Task item: Only the text carries over: repeat the records exactly and drop the images.

Data section:
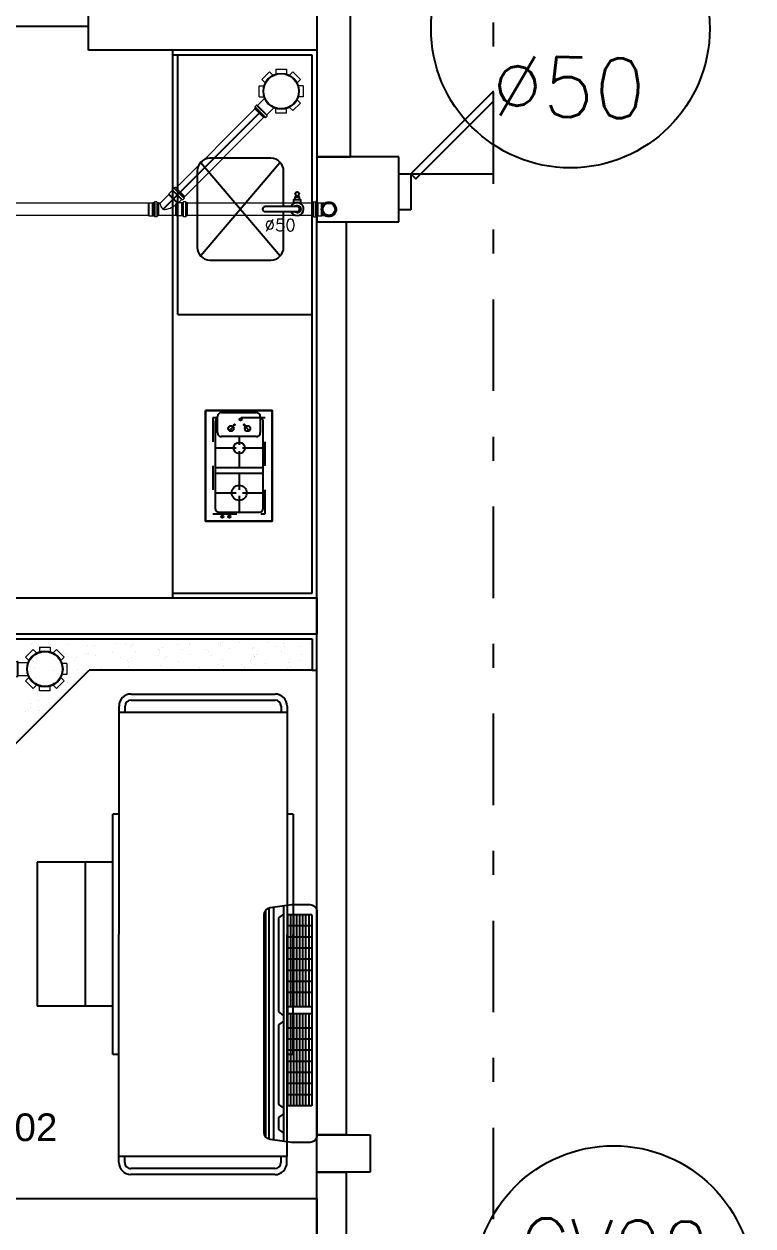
# Model space of a CAD drawing. Header units: millimetres. Extents: x 1573 to 2177, y 1587 to 1932.
# Drawn here: x 1786.59 to 1789.62, y 1901.45 to 1906.45 of the extents above; entities that cross this region are included whole.
import ezdxf
from ezdxf.enums import TextEntityAlignment as Align

# ---------------------------------------------------------------- set-up
doc = ezdxf.new("R2010")
doc.units = ezdxf.units.MM
doc.header["$LTSCALE"] = 0.03
for name, pattern in [('CONTINU', [0]), ('DASHDOT', [25.4, 12.7, -6.35, 0, -6.35]), ('HIDDEN', [9.525, 6.35, -3.175])]:
    doc.linetypes.add(name, pattern=pattern)
for name, color, linetype in [('-HIDRO', 8, 'Continuous'), ('A-PEN-C', 4, 'Continuous'), ('Esgoto', 2, 'Continuous'), ('Texto-Tubos', 7, 'Continuous'), ('Tinterno', 9, 'Continuous')]:
    doc.layers.add(name, color=color, linetype=linetype)
doc.layers.add('TigreCad', color=2, linetype='Continuous', lineweight=13)
doc.styles.add('ARIAL', font='arial.ttf')
doc.styles.add('ROMANS', font='romans.shx', dxfattribs={"height": 0.1})
doc.styles.add('TCTUBOS-TXT', font='txt.shx')

# ---------------------------------------------------------------- blocks, each defined once
blk = doc.blocks.new('j9n50d')
at = {"layer": 'TigreCad'}
for p, q in [((28.5, 25.4), (0, 25.4)), ((30.3, 27.2), (28.5, 25.4)), ((30.3, -27.1), (30.3, 27.2)), ((47.1, 27.2), (30.3, 27.2)), ((47.3, 27.4), (47.1, 27.2)), ((47.1, -27.1), (47.1, 27.2)), ((51.9, 27.4), (47.3, 27.4)), ((53.2, 30.9), (52.9, 28.3)), ((53.4, 30.8), (53.4, -30.8)), ((62.9, 31.8), (54.2, 31.8)), ((62.9, 30.8), (62.9, -30.8)), ((63.9, 31.1), (64.7, 28.1)), ((70, 27.4), (65.6, 27.4)), ((70, 27.4), (70, -27.4)), ((28.5, -25.3), (0, -25.3)), ((30.3, -27.1), (28.5, -25.3)), ((47.1, -27.1), (30.3, -27.1)), ((47.3, -27.4), (47.1, -27.1)), ((51.9, -27.4), (47.3, -27.4)), ((53.2, -30.9), (52.9, -28.3)), ((62.9, -31.8), (54.2, -31.8)), ((63.9, -31.1), (64.7, -28.1)), ((70, -27.4), (65.6, -27.4))]:
    blk.add_line(p, q, dxfattribs=at)
for centre, radius, start, end in [((0, 0), 25.4, 90, 270), ((51.9, 28.4), 1, 270, 355), ((54.2, 30.8), 1, 90, 175), ((62.9, 30.8), 1, 15, 90), ((65.6, 28.4), 1, 195, 270), ((51.9, -28.4), 1, 5, 90), ((54.2, -30.8), 1, 185, 270), ((62.9, -30.8), 1, 270, 345), ((65.6, -28.4), 1, 90, 165)]:
    blk.add_arc(centre, radius, start, end, dxfattribs=at)
at = {"layer": 'Tinterno'}
for p, q in [((28.5, -25.3), (28.5, 25.4)), ((47.3, -27.4), (47.3, 27.4)), ((52.9, 27.4), (52.9, -27.4)), ((64.9, 27.4), (64.9, -27.4))]:
    blk.add_line(p, q, dxfattribs=at)
blk = doc.blocks.new('j9n50s')
at = {"layer": 'TigreCad'}
for p, q in [((19.2, 25.4), (30.3, 25.4)), ((19.2, -25.4), (30.3, -25.4))]:
    blk.add_line(p, q, dxfattribs=at)
for radius in [31.8, 27.4]:
    blk.add_circle((0, 0), radius, dxfattribs=at)
at = {"layer": 'Tinterno'}
for p, q in [((30.3, 25.4), (30.3, 9.7)), ((30.3, -9.7), (30.3, -25.4))]:
    blk.add_line(p, q, dxfattribs=at)
blk.add_circle((0, 0), 25.6, dxfattribs=at)
blk = doc.blocks.new('26276942p')
at = {"layer": 'TigreCad'}
for p, q in [((55.7, 25.3), (-17.5, 25.3)), ((55.7, 25.3), (55.8, 26.8)), ((55.7, 25.3), (55.7, -22.7)), ((58.7, 26.8), (55.8, 26.8)), ((58.9, 25.3), (58.7, 26.8)), ((58.9, 25.3), (58.9, -25.3)), ((61.5, 25.3), (58.9, 25.3)), ((63.3, 27.1), (61.5, 25.3)), ((63.3, -26.1), (63.3, 27.1)), ((80.1, 27.1), (63.3, 27.1)), ((80.3, 27.3), (80.1, 27.1)), ((80.3, -27.4), (80.3, 27.3)), ((84.9, 27.3), (80.3, 27.3)), ((86.2, 30.9), (85.9, 28.3)), ((86.4, 30.8), (86.4, -30.8)), ((95.9, 31.8), (87.2, 31.8)), ((95.9, 30.8), (95.9, -30.8)), ((96.9, 31.1), (97.7, 28.1)), ((103, 27.3), (98.6, 27.3)), ((103, 27.3), (103, -27.4)), ((-11.1, -25.3), (-17.5, -25.3)), ((25.5, -61.4), (-10.1, -25.8)), ((25.5, -64.2), (63.5, -26.3)), ((82.9, -39.3), (39.3, -82.9)), ((88.6, -49.9), (49.9, -88.6)), ((58.9, -25.3), (55.7, -22.7)), ((79.4, -40.7), (67.5, -28.9)), ((80.1, -27.1), (68.2, -27.1)), ((80.3, -27.4), (80.1, -27.1)), ((84.9, -27.4), (80.3, -27.4)), ((82.8, -39.1), (80.7, -40.8)), ((90.3, -45.3), (84.1, -39.1)), ((86.2, -30.9), (85.9, -28.3)), ((95.9, -31.8), (87.2, -31.8)), ((90.5, -46.5), (88.9, -49.2)), ((96.9, -31.1), (97.7, -28.1)), ((103, -27.4), (98.6, -27.4)), ((25.5, -64.2), (25.5, -61.4)), ((40.7, -79.4), (25.5, -64.2)), ((39.1, -82.8), (40.8, -80.7)), ((45.3, -90.3), (39.1, -84.1)), ((46.5, -90.5), (49.2, -88.9)), ((53.5, -92.2), (50.4, -89.1)), ((92.2, -53.5), (53.5, -92.2)), ((92.2, -53.5), (89.1, -50.4))]:
    blk.add_line(p, q, dxfattribs=at)
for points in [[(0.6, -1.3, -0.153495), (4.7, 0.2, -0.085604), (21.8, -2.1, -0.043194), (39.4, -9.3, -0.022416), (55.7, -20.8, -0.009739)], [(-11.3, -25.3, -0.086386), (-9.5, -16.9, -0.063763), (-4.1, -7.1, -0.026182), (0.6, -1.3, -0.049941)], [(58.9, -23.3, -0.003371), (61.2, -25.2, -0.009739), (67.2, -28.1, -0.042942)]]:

Task solution:
# Model space of a CAD drawing. Header units: millimetres. Extents: x 1573 to 2177, y 1587 to 1932.
# Drawn here: x 1786.59 to 1789.62, y 1901.45 to 1906.45 of the extents above; entities that cross this region are included whole.
import ezdxf
from ezdxf.enums import TextEntityAlignment as Align

# ---------------------------------------------------------------- set-up
doc = ezdxf.new("R2010")
doc.units = ezdxf.units.MM
doc.header["$LTSCALE"] = 0.03
for name, pattern in [('CONTINU', [0]), ('DASHDOT', [25.4, 12.7, -6.35, 0, -6.35]), ('HIDDEN', [9.525, 6.35, -3.175])]:
    doc.linetypes.add(name, pattern=pattern)
for name, color, linetype in [('-HIDRO', 8, 'Continuous'), ('A-PEN-C', 4, 'Continuous'), ('Esgoto', 2, 'Continuous'), ('Texto-Tubos', 7, 'Continuous'), ('Tinterno', 9, 'Continuous')]:
    doc.layers.add(name, color=color, linetype=linetype)
doc.layers.add('TigreCad', color=2, linetype='Continuous', lineweight=13)
doc.styles.add('ARIAL', font='arial.ttf')
doc.styles.add('ROMANS', font='romans.shx', dxfattribs={"height": 0.1})
doc.styles.add('TCTUBOS-TXT', font='txt.shx')

# ---------------------------------------------------------------- blocks, each defined once
blk = doc.blocks.new('j9n50d')
at = {"layer": 'TigreCad'}
for p, q in [((28.5, 25.4), (0, 25.4)), ((30.3, 27.2), (28.5, 25.4)), ((30.3, -27.1), (30.3, 27.2)), ((47.1, 27.2), (30.3, 27.2)), ((47.3, 27.4), (47.1, 27.2)), ((47.1, -27.1), (47.1, 27.2)), ((51.9, 27.4), (47.3, 27.4)), ((53.2, 30.9), (52.9, 28.3)), ((53.4, 30.8), (53.4, -30.8)), ((62.9, 31.8), (54.2, 31.8)), ((62.9, 30.8), (62.9, -30.8)), ((63.9, 31.1), (64.7, 28.1)), ((70, 27.4), (65.6, 27.4)), ((70, 27.4), (70, -27.4)), ((28.5, -25.3), (0, -25.3)), ((30.3, -27.1), (28.5, -25.3)), ((47.1, -27.1), (30.3, -27.1)), ((47.3, -27.4), (47.1, -27.1)), ((51.9, -27.4), (47.3, -27.4)), ((53.2, -30.9), (52.9, -28.3)), ((62.9, -31.8), (54.2, -31.8)), ((63.9, -31.1), (64.7, -28.1)), ((70, -27.4), (65.6, -27.4))]:
    blk.add_line(p, q, dxfattribs=at)
for centre, radius, start, end in [((0, 0), 25.4, 90, 270), ((51.9, 28.4), 1, 270, 355), ((54.2, 30.8), 1, 90, 175), ((62.9, 30.8), 1, 15, 90), ((65.6, 28.4), 1, 195, 270), ((51.9, -28.4), 1, 5, 90), ((54.2, -30.8), 1, 185, 270), ((62.9, -30.8), 1, 270, 345), ((65.6, -28.4), 1, 90, 165)]:
    blk.add_arc(centre, radius, start, end, dxfattribs=at)
at = {"layer": 'Tinterno'}
for p, q in [((28.5, -25.3), (28.5, 25.4)), ((47.3, -27.4), (47.3, 27.4)), ((52.9, 27.4), (52.9, -27.4)), ((64.9, 27.4), (64.9, -27.4))]:
    blk.add_line(p, q, dxfattribs=at)
blk = doc.blocks.new('j9n50s')
at = {"layer": 'TigreCad'}
for p, q in [((19.2, 25.4), (30.3, 25.4)), ((19.2, -25.4), (30.3, -25.4))]:
    blk.add_line(p, q, dxfattribs=at)
for radius in [31.8, 27.4]:
    blk.add_circle((0, 0), radius, dxfattribs=at)
at = {"layer": 'Tinterno'}
for p, q in [((30.3, 25.4), (30.3, 9.7)), ((30.3, -9.7), (30.3, -25.4))]:
    blk.add_line(p, q, dxfattribs=at)
blk.add_circle((0, 0), 25.6, dxfattribs=at)
blk = doc.blocks.new('26276942p')
at = {"layer": 'TigreCad'}
for p, q in [((55.7, 25.3), (-17.5, 25.3)), ((55.7, 25.3), (55.8, 26.8)), ((55.7, 25.3), (55.7, -22.7)), ((58.7, 26.8), (55.8, 26.8)), ((58.9, 25.3), (58.7, 26.8)), ((58.9, 25.3), (58.9, -25.3)), ((61.5, 25.3), (58.9, 25.3)), ((63.3, 27.1), (61.5, 25.3)), ((63.3, -26.1), (63.3, 27.1)), ((80.1, 27.1), (63.3, 27.1)), ((80.3, 27.3), (80.1, 27.1)), ((80.3, -27.4), (80.3, 27.3)), ((84.9, 27.3), (80.3, 27.3)), ((86.2, 30.9), (85.9, 28.3)), ((86.4, 30.8), (86.4, -30.8)), ((95.9, 31.8), (87.2, 31.8)), ((95.9, 30.8), (95.9, -30.8)), ((96.9, 31.1), (97.7, 28.1)), ((103, 27.3), (98.6, 27.3)), ((103, 27.3), (103, -27.4)), ((-11.1, -25.3), (-17.5, -25.3)), ((25.5, -61.4), (-10.1, -25.8)), ((25.5, -64.2), (63.5, -26.3)), ((82.9, -39.3), (39.3, -82.9)), ((88.6, -49.9), (49.9, -88.6)), ((58.9, -25.3), (55.7, -22.7)), ((79.4, -40.7), (67.5, -28.9)), ((80.1, -27.1), (68.2, -27.1)), ((80.3, -27.4), (80.1, -27.1)), ((84.9, -27.4), (80.3, -27.4)), ((82.8, -39.1), (80.7, -40.8)), ((90.3, -45.3), (84.1, -39.1)), ((86.2, -30.9), (85.9, -28.3)), ((95.9, -31.8), (87.2, -31.8)), ((90.5, -46.5), (88.9, -49.2)), ((96.9, -31.1), (97.7, -28.1)), ((103, -27.4), (98.6, -27.4)), ((25.5, -64.2), (25.5, -61.4)), ((40.7, -79.4), (25.5, -64.2)), ((39.1, -82.8), (40.8, -80.7)), ((45.3, -90.3), (39.1, -84.1)), ((46.5, -90.5), (49.2, -88.9)), ((53.5, -92.2), (50.4, -89.1)), ((92.2, -53.5), (53.5, -92.2)), ((92.2, -53.5), (89.1, -50.4))]:
    blk.add_line(p, q, dxfattribs=at)
for points in [[(0.6, -1.3, -0.153495), (4.7, 0.2, -0.085604), (21.8, -2.1, -0.043194), (39.4, -9.3, -0.022416), (55.7, -20.8, -0.009739)], [(-11.3, -25.3, -0.086386), (-9.5, -16.9, -0.063763), (-4.1, -7.1, -0.026182), (0.6, -1.3, -0.049941)], [(58.9, -23.3, -0.003371), (61.2, -25.2, -0.009739), (67.2, -28.1, -0.042942)]]:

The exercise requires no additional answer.